====== Material provided

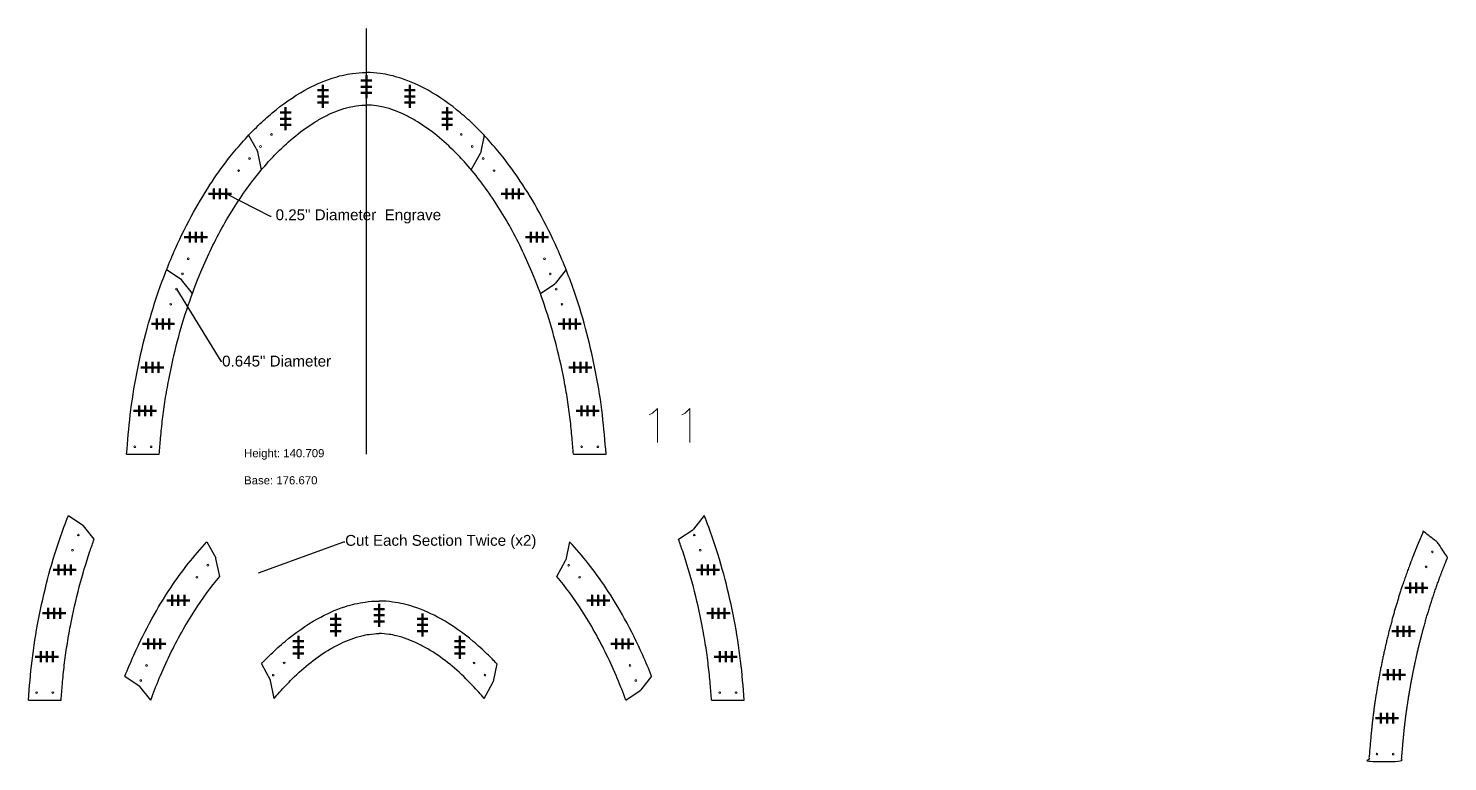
# Model space of a CAD drawing. Header units: inches. Extents: x -241 to 12541, y -1696 to 1281.
# Drawn here: x 2006 to 2529, y -1454 to -1184 of the extents above; entities that cross this region are included whole.
import ezdxf
from ezdxf import colors
from ezdxf.entities.mleader import LeaderData, LeaderLine
from ezdxf.math import Vec2, Vec3

# ---------------------------------------------------------------- set-up
doc = ezdxf.new("R2010")
doc.units = ezdxf.units.IN
doc.header["$MEASUREMENT"] = 0
doc.header["$PDMODE"] = 2
doc.header["$PDSIZE"] = 2
for name, color, linetype, lineweight in [('Annotation', 7, 'Continuous', 9), ('Drilling', 3, 'Continuous', 13), ('Engrave', 4, 'Continuous', 50)]:
    doc.layers.add(name, color=color, linetype=linetype, lineweight=lineweight)
doc.styles.get("Standard").update_dxf_attribs({"font": 'Arial.ttf'})

# ---------------------------------------------------------------- blocks, each defined once
blk = doc.blocks.new('*U1219')
at = {"layer": 'Engrave'}
blk.add_point((0, 0), dxfattribs=at)
blk = doc.blocks.new('*U1220')
at = {"layer": 'Engrave', "color": 0, "linetype": 'ByBlock', "lineweight": -2, "transparency": 16777216}
for p in [(0, 0), (2.25, 0), (4.5, 0)]:
    blk.add_blockref('*U1219', p, dxfattribs=at)
blk = doc.blocks.new('*U1221')
at = {"layer": 'Engrave'}
blk.add_point((0, 0), dxfattribs=at)
blk = doc.blocks.new('*U1222')
at = {"layer": 'Engrave', "color": 0, "linetype": 'ByBlock', "lineweight": -2, "transparency": 16777216}
for p in [(0, 0), (2.25, 0), (4.5, 0)]:
    blk.add_blockref('*U1221', p, dxfattribs=at)
blk = doc.blocks.new('*U1223')
at = {"layer": 'Engrave'}
blk.add_point((0, 0), dxfattribs=at)
blk = doc.blocks.new('*U1224')
at = {"layer": 'Engrave', "color": 0, "linetype": 'ByBlock', "lineweight": -2, "transparency": 16777216}
for p in [(0, 0), (2.25, 0), (4.5, 0)]:
    blk.add_blockref('*U1223', p, dxfattribs=at)
blk = doc.blocks.new('*U1225')
at = {"layer": 'Engrave'}
blk.add_point((0, 0), dxfattribs=at)
blk = doc.blocks.new('*U1226')
at = {"layer": 'Engrave', "color": 0, "linetype": 'ByBlock', "lineweight": -2, "transparency": 16777216}
for p in [(0, 0), (2.25, 0), (4.5, 0)]:
    blk.add_blockref('*U1225', p, dxfattribs=at)
blk = doc.blocks.new('*U1255')
at = {"layer": 'Engrave'}
blk.add_point((0, 0), dxfattribs=at)
blk = doc.blocks.new('*U1256')
at = {"layer": 'Engrave', "color": 0, "linetype": 'ByBlock', "lineweight": -2, "transparency": 16777216}
for p in [(0, 0), (2.25, 0), (4.5, 0)]:
    blk.add_blockref('*U1255', p, dxfattribs=at)
blk = doc.blocks.new('*U1257')
at = {"layer": 'Engrave'}
blk.add_point((0, 0), dxfattribs=at)
blk = doc.blocks.new('*U1258')
at = {"layer": 'Engrave', "color": 0, "linetype": 'ByBlock', "lineweight": -2, "transparency": 16777216}
for p in [(0, 0), (2.25, 0), (4.5, 0)]:
    blk.add_blockref('*U1257', p, dxfattribs=at)
blk = doc.blocks.new('*U1259')
at = {"layer": 'Engrave'}
blk.add_point((0, 0), dxfattribs=at)
blk = doc.blocks.new('*U1260')
at = {"layer": 'Engrave', "color": 0, "linetype": 'ByBlock', "lineweight": -2, "transparency": 16777216}
for p in [(0, 0), (2.25, 0), (4.5, 0)]:
    blk.add_blockref('*U1259', p, dxfattribs=at)
blk = doc.blocks.new('*U1261')
at = {"layer": 'Engrave'}
blk.add_point((0, 0), dxfattribs=at)
blk = doc.blocks.new('*U1262')
at = {"layer": 'Engrave', "color": 0, "linetype": 'ByBlock', "lineweight": -2, "transparency": 16777216}
for p in [(0, 0), (2.25, 0), (4.5, 0)]:
    blk.add_blockref('*U1261', p, dxfattribs=at)
blk = doc.blocks.new('*U1263')
at = {"layer": 'Engrave'}
blk.add_point((0, 0), dxfattribs=at)
blk = doc.blocks.new('*U1264')
at = {"layer": 'Engrave', "color": 0, "linetype": 'ByBlock', "lineweight": -2, "transparency": 16777216}
for p in [(0, 0), (2.25, 0), (4.5, 0)]:
    blk.add_blockref('*U1263', p, dxfattribs=at)
blk = doc.blocks.new('*U1265')
at = {"layer": 'Engrave'}
blk.add_point((0, 0), dxfattribs=at)
blk = doc.blocks.new('*U1266')
at = {"layer": 'Engrave', "color": 0, "linetype": 'ByBlock', "lineweight": -2, "transparency": 16777216}
for p in [(0, 0), (2.25, 0), (4.5, 0)]:
    blk.add_blockref('*U1265', p, dxfattribs=at)
blk = doc.blocks.new('*U1267')
at = {"layer": 'Engrave'}
blk.add_point((0, 0), dxfattribs=at)
blk = doc.blocks.new('*U1268')
at = {"layer": 'Engrave', "color": 0, "linetype": 'ByBlock', "lineweight": -2, "transparency": 16777216}
for p in [(0, 0), (2.25, 0), (4.5, 0)]:
    blk.add_blockref('*U1267', p, dxfattribs=at)
blk = doc.blocks.new('*U1269')
at = {"layer": 'Engrave'}
blk.add_point((0, 0), dxfattribs=at)
blk = doc.blocks.new('*U1270')
at = {"layer": 'Engrave', "color": 0, "linetype": 'ByBlock', "lineweight": -2, "transparency": 16777216}
for p in [(0, 0), (2.25, 0), (4.5, 0)]:
    blk.add_blockref('*U1269', p, dxfattribs=at)
blk = doc.blocks.new('*U1271')
at = {"layer": 'Engrave'}
blk.add_point((0, 0), dxfattribs=at)
blk = doc.blocks.new('*U1272')
at = {"layer": 'Engrave', "color": 0, "linetype": 'ByBlock', "lineweight": -2, "transparency": 16777216}
for p in [(0, 0), (2.25, 0), (4.5, 0)]:
    blk.add_blockref('*U1271', p, dxfattribs=at)
blk = doc.blocks.new('*U1273')
at = {"layer": 'Engrave'}
blk.add_point((0, 0), dxfattribs=at)
blk = doc.blocks.new('*U1274')
at = {"layer": 'Engrave', "color": 0, "linetype": 'ByBlock', "lineweight": -2, "transparency": 16777216}
for p in [(0, 0), (2.25, 0), (4.5, 0)]:
    blk.add_blockref('*U1273', p, dxfattribs=at)
blk = doc.blocks.new('*U1275')
at = {"layer": 'Engrave'}
blk.add_point((0, 0), dxfattribs=at)
blk = doc.blocks.new('*U1276')
at = {"layer": 'Engrave', "color": 0, "linetype": 'ByBlock', "lineweight": -2, "transparency": 16777216}
for p in [(0, 0), (2.25, 0), (4.5, 0)]:
    blk.add_blockref('*U1275', p, dxfattribs=at)
blk = doc.blocks.new('*U1277')
at = {"layer": 'Engrave'}
blk.add_point((0, 0), dxfattribs=at)
blk = doc.blocks.new('*U1278')
at = {"layer": 'Engrave', "color": 0, "linetype": 'ByBlock', "lineweight": -2, "transparency": 16777216}
for p in [(0, 0), (2.25, 0), (4.5, 0)]:
    blk.add_blockref('*U1277', p, dxfattribs=at)
blk = doc.blocks.new('*U1279')
at = {"layer": 'Engrave'}
blk.add_point((0, 0), dxfattribs=at)
blk = doc.blocks.new('*U1280')
at = {"layer": 'Engrave', "color": 0, "linetype": 'ByBlock', "lineweight": -2, "transparency": 16777216}
for p in [(0, 0), (2.25, 0), (4.5, 0)]:
    blk.add_blockref('*U1279', p, dxfattribs=at)
blk = doc.blocks.new('*U1281')
at = {"layer": 'Engrave'}
blk.add_point((0, 0), dxfattribs=at)
blk = doc.blocks.new('*U1282')
at = {"layer": 'Engrave', "color": 0, "linetype": 'ByBlock', "lineweight": -2, "transparency": 16777216}
for p in [(0, 0), (2.25, 0), (4.5, 0)]:
    blk.add_blockref('*U1281', p, dxfattribs=at)
blk = doc.blocks.new('*U1283')
at = {"layer": 'Engrave'}
blk.add_point((0, 0), dxfattribs=at)
blk = doc.blocks.new('*U1284')
at = {"layer": 'Engrave', "color": 0, "linetype": 'ByBlock', "lineweight": -2, "transparency": 16777216}
for p in [(0, 0), (2.25, 0), (4.5, 0)]:
    blk.add_blockref('*U1283', p, dxfattribs=at)
blk = doc.blocks.new('*U1285')
at = {"layer": 'Engrave'}
blk.add_point((0, 0), dxfattribs=at)
blk = doc.blocks.new('*U1286')
at = {"layer": 'Engrave', "color": 0, "linetype": 'ByBlock', "lineweight": -2, "transparency": 16777216}
for p in [(0, 0), (2.25, 0), (4.5, 0)]:
    blk.add_blockref('*U1285', p, dxfattribs=at)
blk = doc.blocks.new('*U1287')
at = {"layer": 'Engrave'}
blk.add_point((0, 0), dxfattribs=at)
blk = doc.blocks.new('*U1288')
at = {"layer": 'Engrave', "color": 0, "linetype": 'ByBlock', "lineweight": -2, "transparency": 16777216}
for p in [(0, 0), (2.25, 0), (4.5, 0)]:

============

Exercise goal: All that is needed is an exact copy of the lines from the top of the entries through the line containing "from ezdxf.math import Vec2, Vec3", pictures left out.

Written answer:
# Model space of a CAD drawing. Header units: inches. Extents: x -241 to 12541, y -1696 to 1281.
# Drawn here: x 2006 to 2529, y -1454 to -1184 of the extents above; entities that cross this region are included whole.
import ezdxf
from ezdxf import colors
from ezdxf.entities.mleader import LeaderData, LeaderLine
from ezdxf.math import Vec2, Vec3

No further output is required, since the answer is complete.